90.2 × 93.4 cm (35 1/2 × 36 3/4 in.); Framed: 101 × 104.2 × 6.4 cm (39 3/4 × 41 × 2 1/2 in.)

Classification

Painting

Museum

The Art Institute of Chicago

Chicago, United States

Credit Line

Mr. and Mrs. Lewis Larned Coburn Memorial Collection

Background & Context

Background Story

Painted in 1901, this canvas represents a return to Vétheuil, the village on the Seine where Monet had lived from 1878 to 1881 with his first wife Camille and the Hoschedé family. The painting shows the village church and houses nestled into the river valley, rendered with the high-keyed palette and broad, confident brushwork of his mature style. The return to Vétheuil after twenty years was emotionally charged: Camille had died there in 1879, and the village represented both personal tragedy and artistic origin. Yet the canvas avoids elegiac melancholy, treating the familiar landscape with the same analytical optimism that characterized his entire output. The composition is notable for its elevated viewpoint, probably from the hillside above the village, which allows Monet to integrate river, architecture, and sky into a single panoramic rhythm. The church spire functions as a vertical accent amid the horizontal flow of the valley, a compositional device that Monet had learned from the Dutch tradition and made his own. Art historians have debated whether this late return to Vétheuil represents nostalgia or simply the practical decision to paint a familiar subject under new light conditions.

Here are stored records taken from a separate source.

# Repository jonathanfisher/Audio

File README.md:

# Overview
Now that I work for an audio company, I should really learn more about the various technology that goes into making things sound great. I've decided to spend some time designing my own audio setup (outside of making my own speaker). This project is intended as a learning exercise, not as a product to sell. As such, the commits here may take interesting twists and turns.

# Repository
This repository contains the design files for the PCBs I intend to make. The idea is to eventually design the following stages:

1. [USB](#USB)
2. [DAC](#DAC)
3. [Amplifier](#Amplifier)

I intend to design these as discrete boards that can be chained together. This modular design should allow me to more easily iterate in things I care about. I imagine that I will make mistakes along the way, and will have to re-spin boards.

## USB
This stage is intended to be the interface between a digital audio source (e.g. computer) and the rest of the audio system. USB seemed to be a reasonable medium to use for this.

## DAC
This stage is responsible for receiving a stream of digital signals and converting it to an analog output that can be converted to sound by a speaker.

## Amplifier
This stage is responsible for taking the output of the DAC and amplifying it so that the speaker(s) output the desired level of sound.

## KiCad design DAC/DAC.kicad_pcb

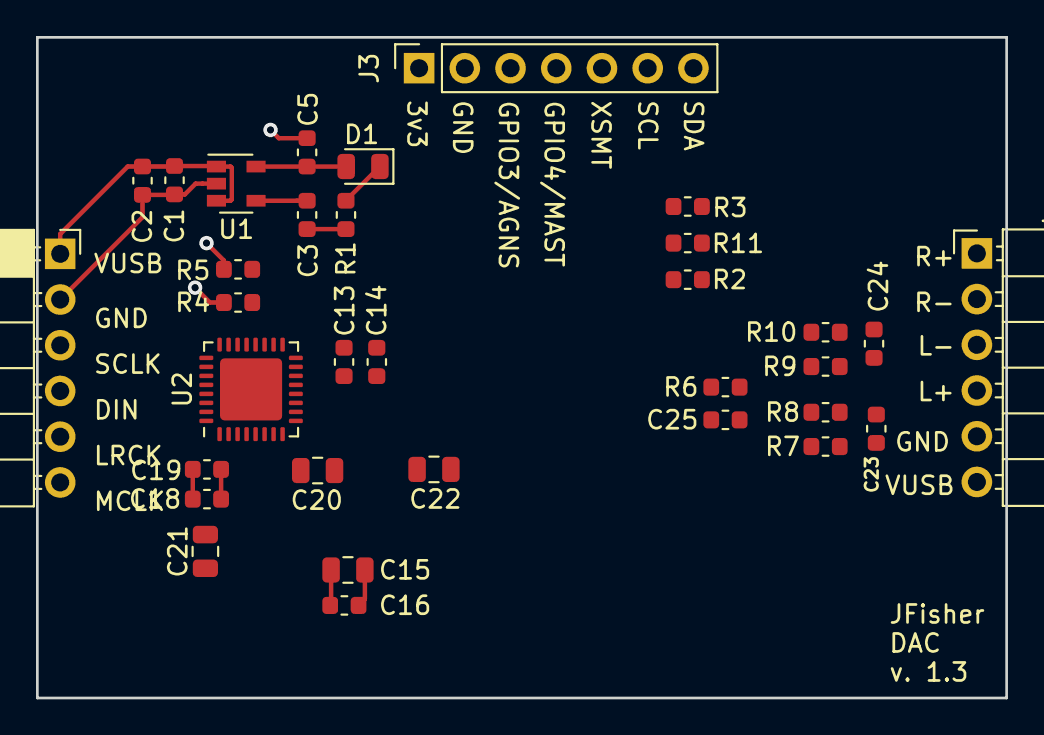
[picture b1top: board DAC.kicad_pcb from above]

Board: 4 copper layers, 53.8 x 36.7 mm, 33 parts (0 on the bottom side), 30 nets.

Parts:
C1, C13, C18: 10uF; C_0603_1608Metric
C2, C14, C16, C19: 0.1uF; C_0603_1608Metric
C3: 0.01uF; C_0603_1608Metric
C5: 1uF; C_0603_1608Metric
C15, C20, C22: 2.2uF; C_0805_2012Metric
C21: 0.1uF; C_0805_2012Metric
C23, C24: 1000pF; C_0603_1608Metric
C25: 1.0uF; C_0603_1608Metric
D1: LED_3v3; LED_0805_2012Metric
J1: Conn_01x06; PinSocket_1x06_P2.54mm_Horizontal
J2: Conn_01x06; PinHeader_1x06_P2.54mm_Horizontal
J3: Conn_01x07_Male; PinSocket_1x07_P2.54mm_Vertical
R1: 360; R_0603_1608Metric
R2, R11: 4.7k; R_0603_1608Metric
R3, R4, R5: 4.99k; R_0603_1608Metric
R6: 0; R_0603_1608Metric
R7, R8, R9, R10: 499; R_0603_1608Metric
U1: TPS73633DBV; SOT-23-5
U2: PCM5242RHB; Texas_S-PVQFN-N32_EP3.45x3.45mm

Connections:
+3V3: C5.1, C13.1, C14.1, C15.1, C16.1, C18.1, C19.1, D1.2, J3.1, R2.1, R3.2, R4.2, R11.1, U1.5, U2.4, U2.5, U2.14
DACL+: C23.1, J2.4, R7.1
DACL-: C23.2, J2.3, R8.1
DACR+: C24.2, J2.1, R10.1
DACR-: C24.1, J2.2, R9.1
GND: C1.2, C2.2, C3.2, C5.2, C13.2, C14.2, C15.2, C16.2, C18.2, C19.2, C21.2, C22.2, C25.2, J1.2, J2.5, J3.2, R1.2, R5.2, R6.1, U1.2, U2.3, U2.7, U2.15, U2.22, U2.32
GPIO3_AGNS: J3.3, U2.21
GPIO4_MAST: J3.4, U2.20
GPIO5_ATT0: J1.6, U2.19
GPIO6_FLT: U2.25, U2.26
I2S_DIN: J1.4, U2.28
I2S_LRCK: J1.5, U2.31
I2S_SCLK: J1.3, U2.27
MODE1: R5.1, U2.23
MODE2: R4.1, U2.24
unnamed: C3.1, U1.4
unnamed: C20.1, U2.6
unnamed: C20.2, U2.8
unnamed: C21.1, U2.2
unnamed: C22.1, U2.9
unnamed: C25.1, R6.2, U2.16
unnamed: D1.1, R1.1
OUTL_N: R8.2, U2.11
OUTL_P: R7.2, U2.10
OUTR_N: R9.2, U2.12
OUTR_P: R10.2, U2.13
SCL_MC_ATT1: J3.6, R2.2, U2.18
SDA_MOSI_ATT2: J3.7, R11.2, U2.17
VUSB: C1.1, C2.1, J1.1, J2.6, U1.1, U1.3
XSMT: J3.5, R3.1, U2.1

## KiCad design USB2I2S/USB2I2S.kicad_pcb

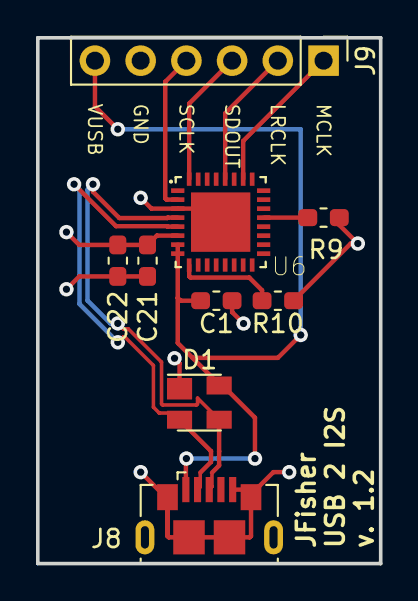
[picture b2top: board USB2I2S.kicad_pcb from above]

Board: 4 copper layers, 19.1 x 29.2 mm, 9 parts (0 on the bottom side), 11 nets.

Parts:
C1, C21: 1uF; C_0603_1608Metric_Pad1.05x0.95mm_HandSolder
C22: 0.1uF; C_0603_1608Metric_Pad1.05x0.95mm_HandSolder
D1: SP0503BAHT; SOT-143
J8: USB_B_Micro; USB_Micro-B_GCT_USB3076-30-A
J9: Conn_01x06_Male; PinHeader_1x06_P2.54mm_Vertical
R9, R10: 4.7K; R_0603_1608Metric_Pad1.05x0.95mm_HandSolder
U6: CP2615-A01-GM; QFN50P500X500X90-33N

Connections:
GND: C1.2, C21.2, C22.2, D1.1, J8.5, J8.6, J9.5, U6.3, U6.33
I2S_LRCLK: J9.2, U6.28
I2S_MCLK: J9.1, U6.26
I2S_SCLK: J9.4, U6.2
I2S_SDOUT: J9.3, U6.32
unnamed: R9.2, U6.21
unnamed: R10.2, U6.9
USB_DN: D1.2, J8.2, U6.5
USB_DP: D1.3, J8.3, U6.4
VBUS_IN: C1.1, D1.4, J8.1, J9.6, U6.7, U6.8
VCC: C21.1, C22.1, R9.1, R10.1, U6.6

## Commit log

2019-02-13 Initial commit with basic files for Audio DAC
2019-02-15 Add library containing CP2615 part
2019-02-15 Add schematic for the USB -> I2S stage
2019-02-15 Bring in project with multi-page design
2019-02-19 Add components for creating 3v3 for the DAC power rails
2019-03-07 Schematic and board file for USB2I2S dongle
2019-03-07 Update gitignore to account for more temp files
2019-03-11 Start designing the DAC stage
2019-03-17 Remove old and unused scratch files
2019-03-18 Create symbol for the PCM5242 DAC from TI
2019-03-18 Add sheet for the actual DAC part
2019-03-18 Add sheet for power conversion (USB -> 3v3 for now)
2019-03-18 Add Sheets for the I/O for this board. Still WIP on output
2019-03-18 Bring changes together in outmost sheet. This should just pull together the various subsheets
2019-03-18 Remove unused I/V stage on output of DAC
2019-03-19 Add new sheet for amplifier (post i-v stage)
    I'm not sure if I'll stick with this here; my thinking is that it makes
    sense to keep the post I-V stage amplifier on the same PCB as the DAC to
    minimize noise on the amplifier input. I imagine that PCB interconnects
    would cause a fairly significant amount of noise, so I'd like to avoid
    that.
2019-03-19 Remove absolute paths
2019-03-21 Adding support for headphone amp (WIP)
2019-03-22 Started layout of the DAC board
2019-03-25 Update USB2I2S board to fix routing issue
    - Fixed issue where VCC was connected to VUSB
    - Converted PCB to 4-layer board with Vcc and GND planes
    - Removed headers for pins that I'm not expecting to use
    - Re-layed out the PCB.
2019-03-25 Update KiCad and minor adjustments (cosmetic)
    Rotated the decoupling caps on Vcc to ensure that the blind vias were
    away from the differential USB signal traces.
2019-03-26 Remove extraneous directory (DAC/DAC/ -> DAC/)
2019-03-26 Removed file left over from earlier days that is no longer used
2019-03-26 Added first pass at routing the DAC PCB
2019-03-26 Update routing of DAC board
    - Route differential outputs with matching lengths
    - Add silkscreen labels for inputs and outputs
2019-03-26 Updated routing information & silk screens
    - Update pin names of differential outputs of PCM5242
    - Better alignment of silkscreen component labels
2019-03-27 Convert blind vias to through vias
2019-04-01 Convert blind vias to through and minor silkscreen changes
    This is the version released to be made
2019-04-01 Convert blind vias to through and update DAC layout
    This will constitute the first spin of the DAC board.
2019-04-13 Fixed the VUSB <-> REGIN error causing board not to create Vcc.
2019-09-28 Update DAC to expose config pins and to use larger components
2019-09-28 Ignore some more cache & backup files
2019-09-28 Update PCB placement
2019-09-29 Add headers for MCLK/SCLK signal to allow for clock workaround
    This helps to address the issue called out in the datasheet: https://e2e.ti.com/support/audio/f/6/p/804836/2980033#2980033, allowing the DAC to receive the MCLK input and create a usable SCLK input f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
2019-09-29 Work around DAC incompatibility with I2S clock (#4)
    * Update DAC to expose config pins and to use larger components
    * Ignore some more cache & backup files
    * Update PCB placement
    * Add headers for MCLK/SCLK signal to allow for clock workaround
    This helps to address the issue called out in the datasheet: https://e2e.ti.com/support/audio/f/6/p/804836/2980033#2980033, allowing the DAC to receive the MCLK input and create a usable SCLK input f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
2019-09-29 Update README with some renderings of PCBs
2019-11-26 Fix GPIO labeling on DAC silk screen (Issue #5)
    The GPIO labels were incorrectly placed and thus wrong.
2020-02-06 Generate base project for NUCLEO-STM32F7
    This project will hold the code responsible for the USB to I2S conversion. Currently it contains just the stock generated code for the USB audio device.
2020-02-06 :sparkles: Enable I2C interface & call pcm5242 init
2020-02-06 :sparkles: Add reset function and include pcm5242 directory in build
2020-02-06 Update heap space to 16kbytes
    This sets aside enough space to store 80 packets of audio data @ 48khz @ 16 bits per sample @ 2 channels
2020-02-06 :art: Document and reformat code
2020-02-06 Ignore the stm32f7 build files
2020-02-06 WIP: Start adding interface for PCM5242
    This code compiles but has not been run on hardware at all.
2020-02-08 :fire: Remove ethernet and move I2C port to more accessible pins
    Note that this commit also mucks with the line endings, which is annoying.
2020-02-13 :art: Add function call to get pcm5242 status
    This is mostly just sugar, adding an enum and boolean to make it easier to read the chip state
2020-02-13 :art: Undefine a macro after it's been used
    The macro for defining registers should not be used anywhere else in the file. This helps to enforce that.
2020-02-13 :ambulance: Fix issue where undef-ing nested macro causes compile issues
    Because a #define relies on a macro, undefining the macro causes compile-time issues when the substitutions are made.
2020-02-13 :art: Add separating comment for static functions
2020-02-13 :sparkles: Add helper function for calculating sine wave samples
    This is not used yet
2020-02-13 :art: Change the formatting of a function implementation
2020-02-14 :construction: Add some math for calculating output sine wave
2020-02-16 :sparkles: Enable I2S pins and transmit sine wave
2020-02-17 :sparkles: Plays a 1khz sine wave @ 44100 sample rate
    Switching from cos() to cosf() was the large change that seemed to ensure that the wave could be calculated fast enough
2020-03-10 Add python scripts for analyzing audio data
2020-03-11 Plot windowed data
2020-03-11 Plot audio data from the saleae and ap machine
2020-03-12 Add analysis python code for windowing

Either interpretation supports the broader understanding of Monet as an artist whose personal history and professional methodology were inseparable—every landscape he painted twice was also a landscape he had lived twice.

Cultural Impact

This return to Vétheuil connects Monet's mature technique to the site of his early personal tragedy, showing how memory and place intertwined in his lifelong visual autobiography.

Why It Matters

It matters as a homecoming—Monet returning to the village where he became a widower and finding not grief, but color.